# Quick start

## 1.  Install Feast
Install the Feast SDK and CLI using pip:

In this tutorial, we focus on a local deployment. For a more in-depth guide on how to use Feast with
Snowflake / GCP / AWS deployments, see Running Feast with [Snowflake/GCP/AWS](https://docs.feast.dev/how-to-guides/feast-snowflake-gcp-aws)

```shell
pip install feast

poetry add feast
```

## 2. Step 2: Create a feature repository
Bootstrap a new feature repository using feast init from the command line.

```shell
feast init feature_repo
cd feature_repo
```

This will create a directory in your current location.
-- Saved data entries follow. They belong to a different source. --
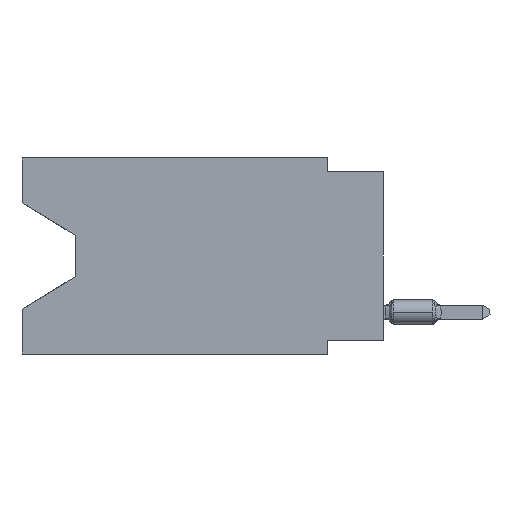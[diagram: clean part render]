
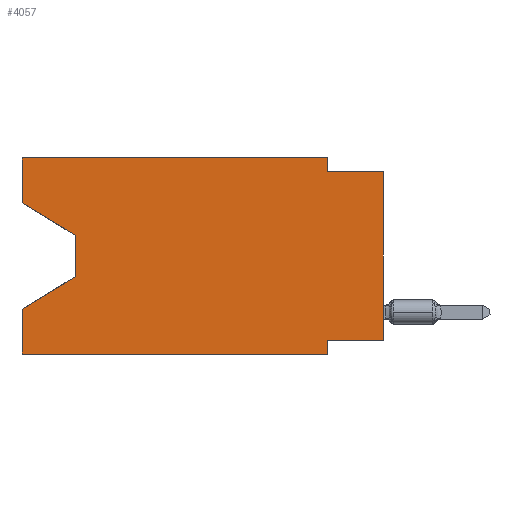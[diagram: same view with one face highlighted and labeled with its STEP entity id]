
A CAD part, left-side view. The second image highlights one B-rep face of the part: STEP entity #4057.
In plain terms, the highlighted planar face has unit normal (-1, 0, 0).
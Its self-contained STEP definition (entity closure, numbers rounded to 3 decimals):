
#584 = VECTOR ( 'NONE', #24533, 1000. ) ;
#1312 = DIRECTION ( 'NONE',  ( 0., 0.855, -0.519 ) ) ;
#1464 = CARTESIAN_POINT ( 'NONE',  ( 0., 16.383, 0. ) ) ;
#1758 = VECTOR ( 'NONE', #9305, 1000. ) ;
#2332 = EDGE_CURVE ( 'NONE', #3257, #23635, #20014, .T. ) ;
#2412 = CARTESIAN_POINT ( 'NONE',  ( 0., 0., 0. ) ) ;
#2470 = VECTOR ( 'NONE', #1312, 1000. ) ;
#2573 = VERTEX_POINT ( 'NONE', #18586 ) ;
#2574 = LINE ( 'NONE', #11823, #15573 ) ;
#3257 = VERTEX_POINT ( 'NONE', #16242 ) ;
#3275 = VERTEX_POINT ( 'NONE', #6471 ) ;
#3288 = DIRECTION ( 'NONE',  ( 1., 0., 0. ) ) ;
#3332 = EDGE_CURVE ( 'NONE', #13206, #23567, #15055, .T. ) ;
#3465 = DIRECTION ( 'NONE',  ( 0., 0., -1. ) ) ;
#4057 = ADVANCED_FACE ( 'NONE', ( #24659 ), #16764, .F. ) ;
#4370 = DIRECTION ( 'NONE',  ( 0., -1., 0. ) ) ;
#5182 = LINE ( 'NONE', #1464, #1758 ) ;
#5206 = LINE ( 'NONE', #10496, #584 ) ;
#5241 = CARTESIAN_POINT ( 'NONE',  ( 0., 13.97, -3.505 ) ) ;
#5355 = AXIS2_PLACEMENT_3D ( 'NONE', #14595, #3288, #24409 ) ;
#6228 = EDGE_CURVE ( 'NONE', #10695, #23635, #25242, .T. ) ;
#6329 = CARTESIAN_POINT ( 'NONE',  ( 0., 2.54, -8.89 ) ) ;
#6471 = CARTESIAN_POINT ( 'NONE',  ( 0., 13.97, -3.505 ) ) ;
#6520 = CARTESIAN_POINT ( 'NONE',  ( 0., 16.383, -8.89 ) ) ;
#6528 = EDGE_CURVE ( 'NONE', #3257, #13230, #24685, .T. ) ;
#7059 = EDGE_CURVE ( 'NONE', #3275, #13206, #24834, .T. ) ;
#7105 = CARTESIAN_POINT ( 'NONE',  ( 0., 16.383, -2.038 ) ) ;
#7431 = ORIENTED_EDGE ( 'NONE', *, *, #3332, .T. ) ;
#7577 = CARTESIAN_POINT ( 'NONE',  ( 0., 0., -0.635 ) ) ;
#8121 = LINE ( 'NONE', #21916, #17135 ) ;
#8495 = ORIENTED_EDGE ( 'NONE', *, *, #18540, .F. ) ;
#9218 = ORIENTED_EDGE ( 'NONE', *, *, #7059, .T. ) ;
#9305 = DIRECTION ( 'NONE',  ( 0., 0., 1. ) ) ;
#9599 = VERTEX_POINT ( 'NONE', #7105 ) ;
#9778 = ORIENTED_EDGE ( 'NONE', *, *, #22255, .T. ) ;
#9822 = VECTOR ( 'NONE', #16156, 1000. ) ;
#10072 = LINE ( 'NONE', #11132, #13734 ) ;
#10496 = CARTESIAN_POINT ( 'NONE',  ( 0., 16.383, 0. ) ) ;
#10514 = ORIENTED_EDGE ( 'NONE', *, *, #18696, .F. ) ;
#10695 = VERTEX_POINT ( 'NONE', #22352 ) ;
#11000 = ORIENTED_EDGE ( 'NONE', *, *, #2332, .T. ) ;
#11015 = VECTOR ( 'NONE', #15404, 1000. ) ;
#11132 = CARTESIAN_POINT ( 'NONE',  ( 0., 2.54, 0. ) ) ;
#11438 = LINE ( 'NONE', #17354, #24996 ) ;
#11823 = CARTESIAN_POINT ( 'NONE',  ( 0., 16.383, -8.89 ) ) ;
#11900 = VERTEX_POINT ( 'NONE', #14611 ) ;
#11989 = DIRECTION ( 'NONE',  ( 0., -1., 0. ) ) ;
#12825 = EDGE_CURVE ( 'NONE', #13379, #11900, #2574, .T. ) ;
#13206 = VERTEX_POINT ( 'NONE', #17845 ) ;
#13230 = VERTEX_POINT ( 'NONE', #17726 ) ;
#13379 = VERTEX_POINT ( 'NONE', #6520 ) ;
#13734 = VECTOR ( 'NONE', #25063, 1000. ) ;
#14170 = DIRECTION ( 'NONE',  ( 0., 0., -1. ) ) ;
#14595 = CARTESIAN_POINT ( 'NONE',  ( 0., 16.383, 0. ) ) ;
#14611 = CARTESIAN_POINT ( 'NONE',  ( 0., 2.54, -8.89 ) ) ;
#14619 = CARTESIAN_POINT ( 'NONE',  ( 0., 0., -8.255 ) ) ;
#14987 = CARTESIAN_POINT ( 'NONE',  ( 0., 16.383, -6.852 ) ) ;
#15055 = LINE ( 'NONE', #15197, #2470 ) ;
#15080 = EDGE_CURVE ( 'NONE', #13379, #23567, #5182, .T. ) ;
#15197 = CARTESIAN_POINT ( 'NONE',  ( 0., 13.97, -5.385 ) ) ;
#15404 = DIRECTION ( 'NONE',  ( 0., -1., 0. ) ) ;
#15408 = DIRECTION ( 'NONE',  ( 0., -0.855, -0.519 ) ) ;
#15510 = VECTOR ( 'NONE', #22483, 1000. ) ;
#15573 = VECTOR ( 'NONE', #4370, 1000. ) ;
#15691 = ORIENTED_EDGE ( 'NONE', *, *, #15080, .F. ) ;
#16156 = DIRECTION ( 'NONE',  ( 0., 0., 1. ) ) ;
#16242 = CARTESIAN_POINT ( 'NONE',  ( 0., 0., -8.255 ) ) ;
#16764 = PLANE ( 'NONE',  #5355 ) ;
#16835 = CARTESIAN_POINT ( 'NONE',  ( 0., 16.383, 0. ) ) ;
#17135 = VECTOR ( 'NONE', #11989, 1000. ) ;
#17354 = CARTESIAN_POINT ( 'NONE',  ( 0., 16.383, -2.038 ) ) ;
#17726 = CARTESIAN_POINT ( 'NONE',  ( 0., 2.54, -8.255 ) ) ;
#17845 = CARTESIAN_POINT ( 'NONE',  ( 0., 13.97, -5.385 ) ) ;
#18007 = ORIENTED_EDGE ( 'NONE', *, *, #21966, .F. ) ;
#18540 = EDGE_CURVE ( 'NONE', #9599, #22035, #5206, .T. ) ;
#18586 = CARTESIAN_POINT ( 'NONE',  ( 0., 2.54, 0. ) ) ;
#18609 = CARTESIAN_POINT ( 'NONE',  ( 0., 0., -0.635 ) ) ;
#18696 = EDGE_CURVE ( 'NONE', #2573, #10695, #10072, .T. ) ;
#20014 = LINE ( 'NONE', #2412, #9822 ) ;
#20090 = VECTOR ( 'NONE', #3465, 1000. ) ;
#20353 = ORIENTED_EDGE ( 'NONE', *, *, #21880, .F. ) ;
#21376 = ORIENTED_EDGE ( 'NONE', *, *, #6228, .F. ) ;
#21880 = EDGE_CURVE ( 'NONE', #22035, #2573, #8121, .T. ) ;
#21916 = CARTESIAN_POINT ( 'NONE',  ( 0., 16.383, 0. ) ) ;
#21966 = EDGE_CURVE ( 'NONE', #13230, #11900, #23973, .T. ) ;
#22035 = VERTEX_POINT ( 'NONE', #16835 ) ;
#22255 = EDGE_CURVE ( 'NONE', #9599, #3275, #11438, .T. ) ;
#22352 = CARTESIAN_POINT ( 'NONE',  ( 0., 2.54, -0.635 ) ) ;
#22365 = ORIENTED_EDGE ( 'NONE', *, *, #6528, .F. ) ;
#22483 = DIRECTION ( 'NONE',  ( 0., 1., 0. ) ) ;
#22755 = ORIENTED_EDGE ( 'NONE', *, *, #12825, .T. ) ;
#23329 = EDGE_LOOP ( 'NONE', ( #9778, #9218, #7431, #15691, #22755, #18007, #22365, #11000, #21376, #10514, #20353, #8495 ) ) ;
#23567 = VERTEX_POINT ( 'NONE', #14987 ) ;
#23635 = VERTEX_POINT ( 'NONE', #18609 ) ;
#23742 = VECTOR ( 'NONE', #14170, 1000. ) ;
#23973 = LINE ( 'NONE', #6329, #23742 ) ;
#24409 = DIRECTION ( 'NONE',  ( 0., 0., -1. ) ) ;
#24533 = DIRECTION ( 'NONE',  ( 0., 0., 1. ) ) ;
#24659 = FACE_OUTER_BOUND ( 'NONE', #23329, .T. ) ;
#24685 = LINE ( 'NONE', #14619, #15510 ) ;
#24834 = LINE ( 'NONE', #5241, #20090 ) ;
#24996 = VECTOR ( 'NONE', #15408, 1000. ) ;
#25063 = DIRECTION ( 'NONE',  ( 0., 0., -1. ) ) ;
#25242 = LINE ( 'NONE', #7577, #11015 ) ;

In my case, I have created the following directory

```shell
/home/pliu/git/FeatureEngineering/feature_stores/01.Feast/01.QuickStart/feature_repo

# when you open it, it has the following contents
├── data
│   └── driver_stats.parquet
├── example.py
├── feature_store.yaml
└── __init__.py

```

- data/ contains raw demo parquet data
- example.py contains demo feature definitions
- feature_store.yaml contains a demo setup configuring where data sources are

### Explore feature_store.yaml
Below is the content of the auto generated feature_store.yaml

```yaml
project: feature_repo
registry: data/registry.db
provider: local
online_store:
    path: data/online_store.db
```

The most import config is the **provider**. This defines where the raw data exists
(for generating training data & feature values for serving), and where to materialize feature values to in the
online store (for serving).

Valid values for provider in feature_store.yaml are:
- local: use file source with SQLite/Redis
- gcp: use BigQuery/Snowflake with Google Cloud Datastore/Redis
- aws: use Redshift/Snowflake with DynamoDB/Redis

Note that there are many other sources Feast works with, including `Azure, Hive, Trino, and PostgreSQL` via community
plugins. See [Third party integrations](https://docs.feast.dev/getting-started/third-party-integrations) for all supported datasources.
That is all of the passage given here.